Further, since it is difficult for foreign matter to adhere to the first electrode, it is possible to prevent a reduction in manufacturing yield.

Further, as described above, the first
Since the adhesion of foreign matter between the electrodes is prevented, in the liquid crystal device, deterioration in image quality can be avoided, and the pitch of the first electrodes can be reduced to display a high-definition image.

[Brief description of the drawings]

FIG. 1 is a plan view showing a structure of a liquid crystal device as one embodiment of an electric circuit device according to the present invention, and FIG.
FIG.

FIG. 2 is a diagram illustrating an embodiment of a method for manufacturing the liquid crystal device shown in FIG.

FIG. 3 is a diagram illustrating an embodiment of a method for manufacturing the liquid crystal device shown in FIG.

FIG. 4A is a diagram showing a shape of a connection terminal, and FIG.
3A is a detailed view of a part B of FIG.
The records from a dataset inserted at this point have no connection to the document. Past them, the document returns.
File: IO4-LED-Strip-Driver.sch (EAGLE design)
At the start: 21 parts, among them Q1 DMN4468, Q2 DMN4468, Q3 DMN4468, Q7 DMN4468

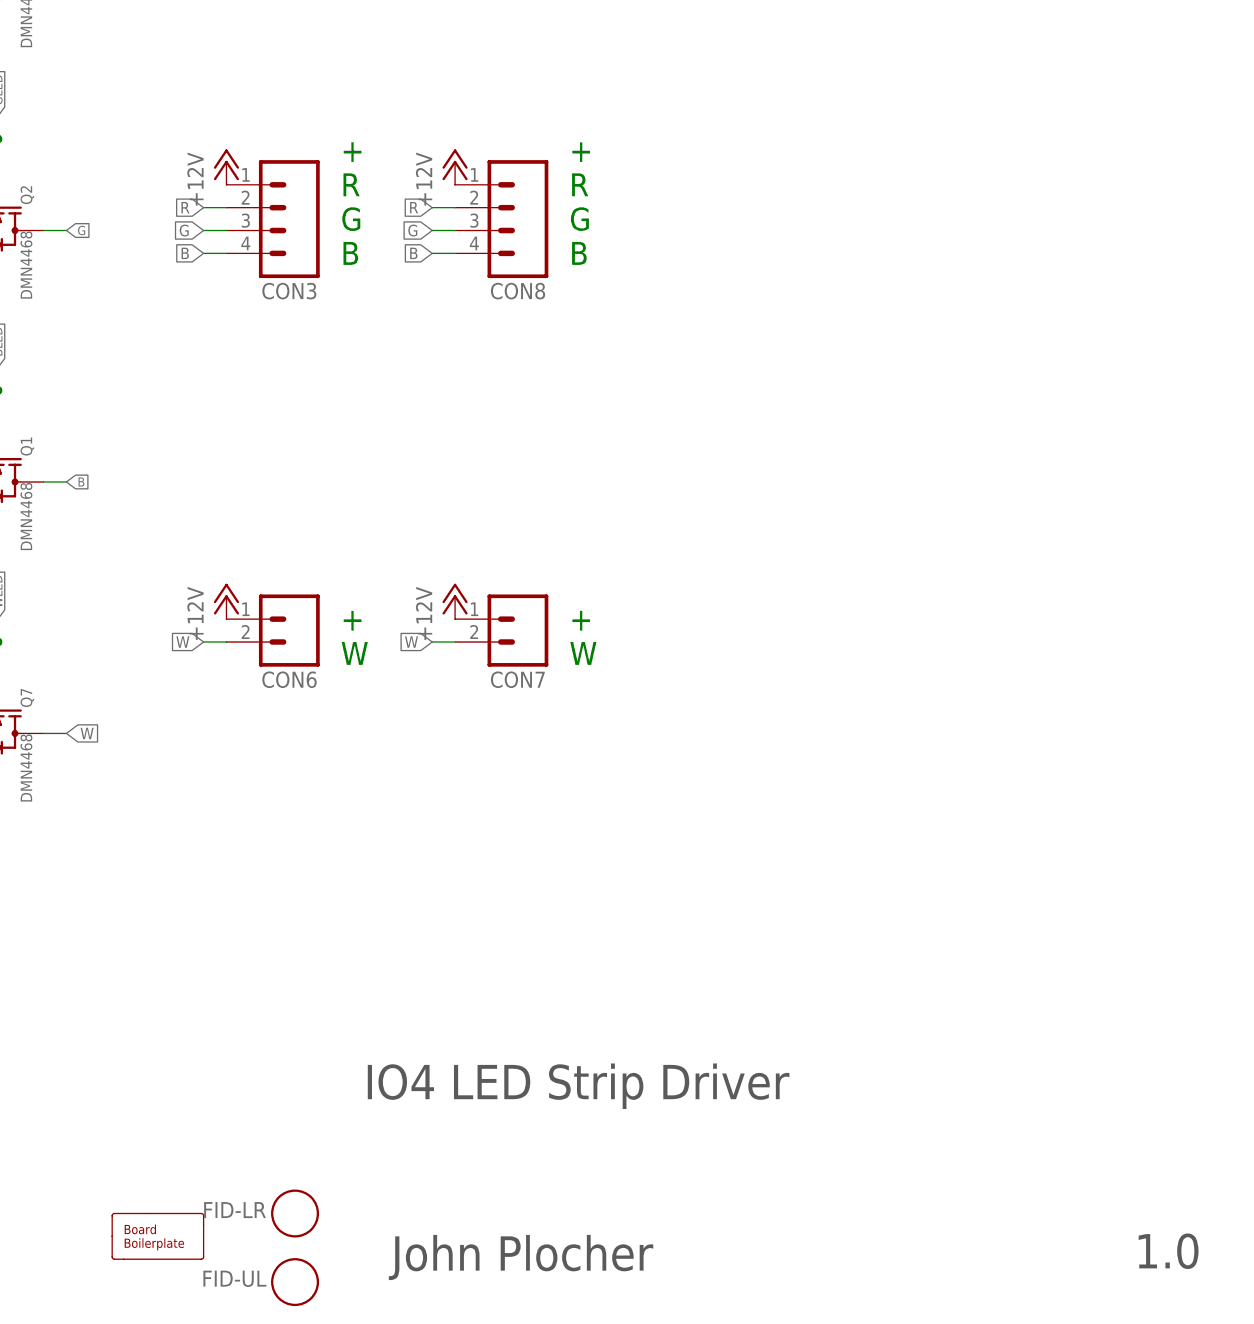
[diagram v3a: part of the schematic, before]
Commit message: Swapped R and G connector locations to match LED string wiring
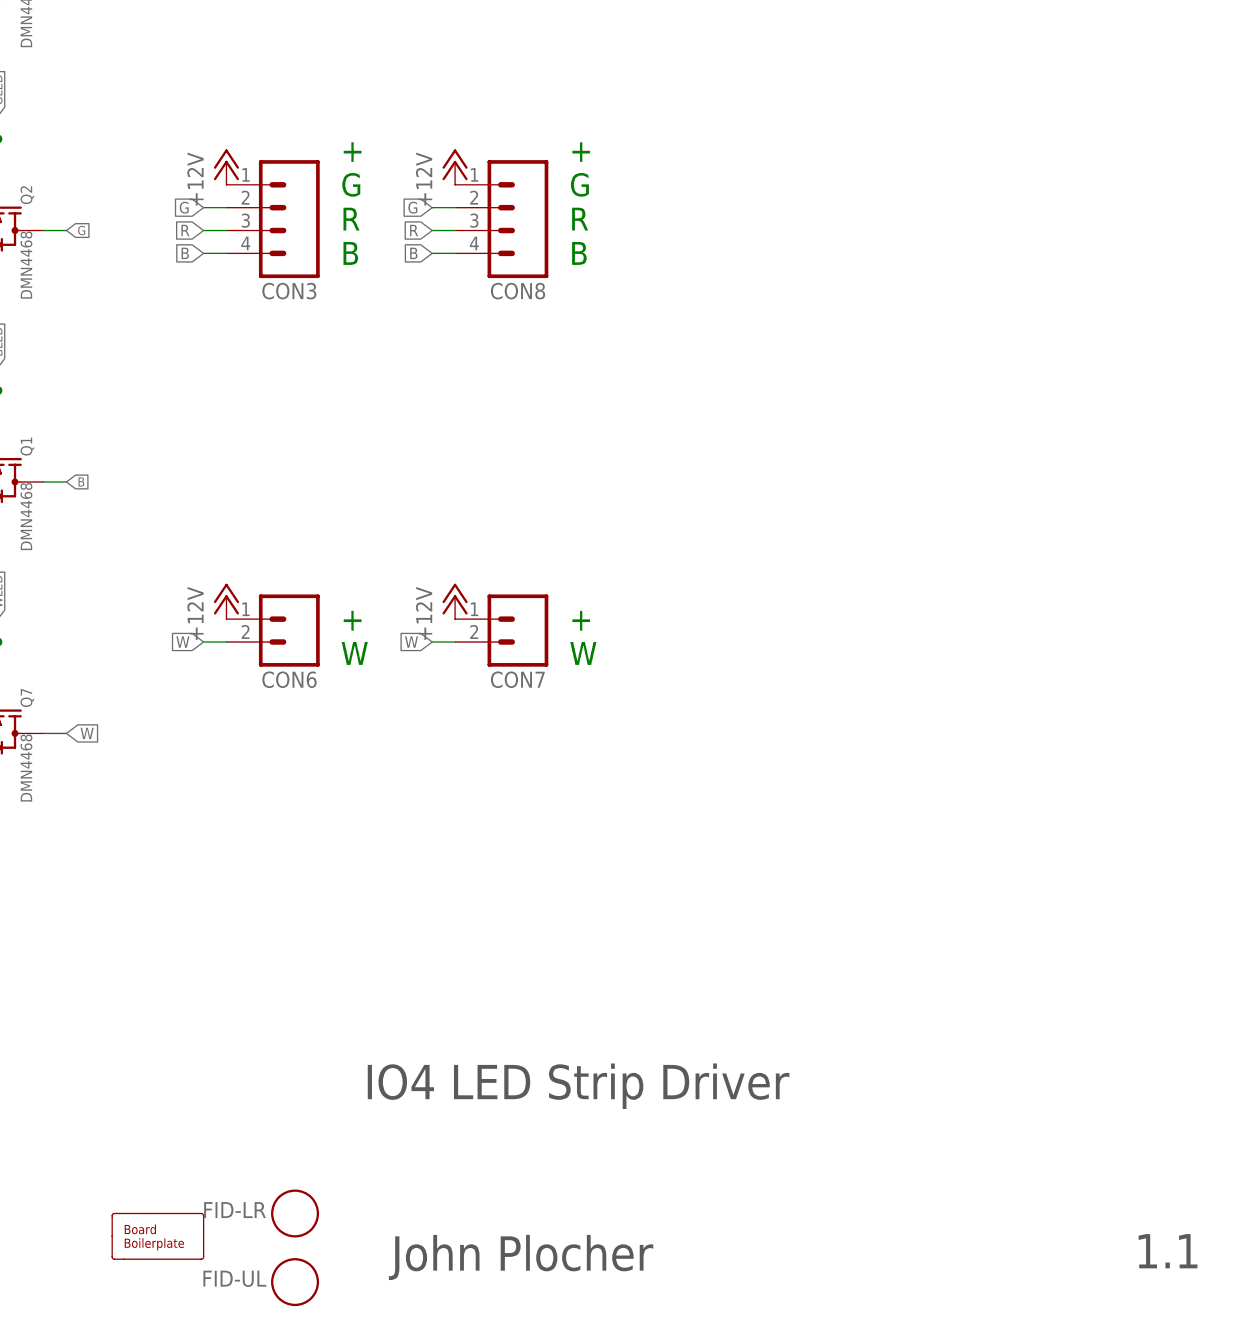
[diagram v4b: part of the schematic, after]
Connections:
- net G: now also CON3.2, CON8.2; no longer CON3.3, CON8.3
- net R: now also CON3.3, CON8.3; no longer CON3.2, CON8.2
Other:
- note added: "+ G R B"
- note added: "1.1"
- note added: "Drives 2x RGB strips and 2x White strips with a 12v/15A power supply (For backdrop and valence controlled lighting) V1.1 - LED Strips are GRB, not RGB - changed connector mapping to match"
- note removed: "+ R G B"
- note removed: "1.0"
- note removed: "Drives 2x RGB strips and 2x White strips with a 12v/15A power supply (For backdrop and valence controlled lighting)"
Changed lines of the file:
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@@
 <text x="149.86" y="25.4" size="3.81" layer="97">IO4 LED Strip Driver</text>
 <text x="152.908" y="6.35" size="3.81" layer="97">John Plocher</text>
-<text x="235.458" y="6.604" size="3.81" layer="97">1.0</text>
-<text x="147.32" y="38.1" size="1.6764" layer="102">Drives 2x RGB strips and 2x White strips with a 12v/15A power supply
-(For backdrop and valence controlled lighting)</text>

5A is a plan view for explaining an example of the structure of a conventional liquid crystal device, and FIG. 5B is a cross-sectional view taken along the line CC of FIG.

[Explanation of symbols]

 Reference Signs List 1 liquid crystal device (electric circuit device) 2 information electrode (first electrode) 3 glass substrate (first substrate) 4 connection terminal 5 insulating film (coating film) 6 driving IC (second substrate) 10 glass substrate ( Substrate) 11 liquid crystal 20 resist 36 TAB film (second base material) P liquid crystal panel (liquid crystal element)

Claims (9)

[Claims] 1. A step of forming a plurality of first electrodes and connection terminals of the first electrodes on a surface of a first base material, and covering the first electrodes and covering the connection terminals so that the connection terminals are exposed. A method for manufacturing an electric circuit device, comprising: a step of forming a film; and a step of electrically connecting a second electrode formed on a second base material to the exposed connection terminal. After forming the connection terminal, a step of forming the coating film so as to cover both of them, and a step of patterning the coating film so that the connection terminal is exposed, A method for manufacturing an electric circuit device, comprising: 2. The method according to claim 1, wherein the patterning of the coating film is performed using a photolithography method. 3. After forming the first electrode and the connection terminal, a step of arranging a resist on the surface of the connection terminal is performed. Then, the coating is performed so as to cover the first electrode and the resist. The method for manufacturing an electric circuit device according to claim 2, wherein a film is formed and the resist is removed together with the coating film. 4. A liquid crystal element is formed by sandwiching liquid crystal between a pair of substrates, wherein the plurality of first electrodes and connection terminals of the first electrodes are provided on a surface of at least one of the first base materials. The electric circuit device according to any one of claims 1 to 3, wherein the electric circuit device is formed, and a second electrode formed on the second base material is electrically connected to the connection terminal. Manufacturing method. 5. The method according to claim 4, wherein the second substrate is a driving IC for generating a driving signal to be applied to the liquid crystal element. 6. The method according to claim 1, wherein the second base material is a flexible TAB.
The electric circuit according to claim 4, wherein the electric circuit is a film, and a driving IC for generating a driving signal applied to the liquid crystal element is mounted on a surface of the second base material. Device manufacturing method. 7. The method for manufacturing an electric circuit device according to claim 4, wherein the coating film is an insulating film. 8. The method according to claim 7, wherein the insulating film is transparent. 9. The method according to claim 7, wherein the insulating film is a metal oxide film.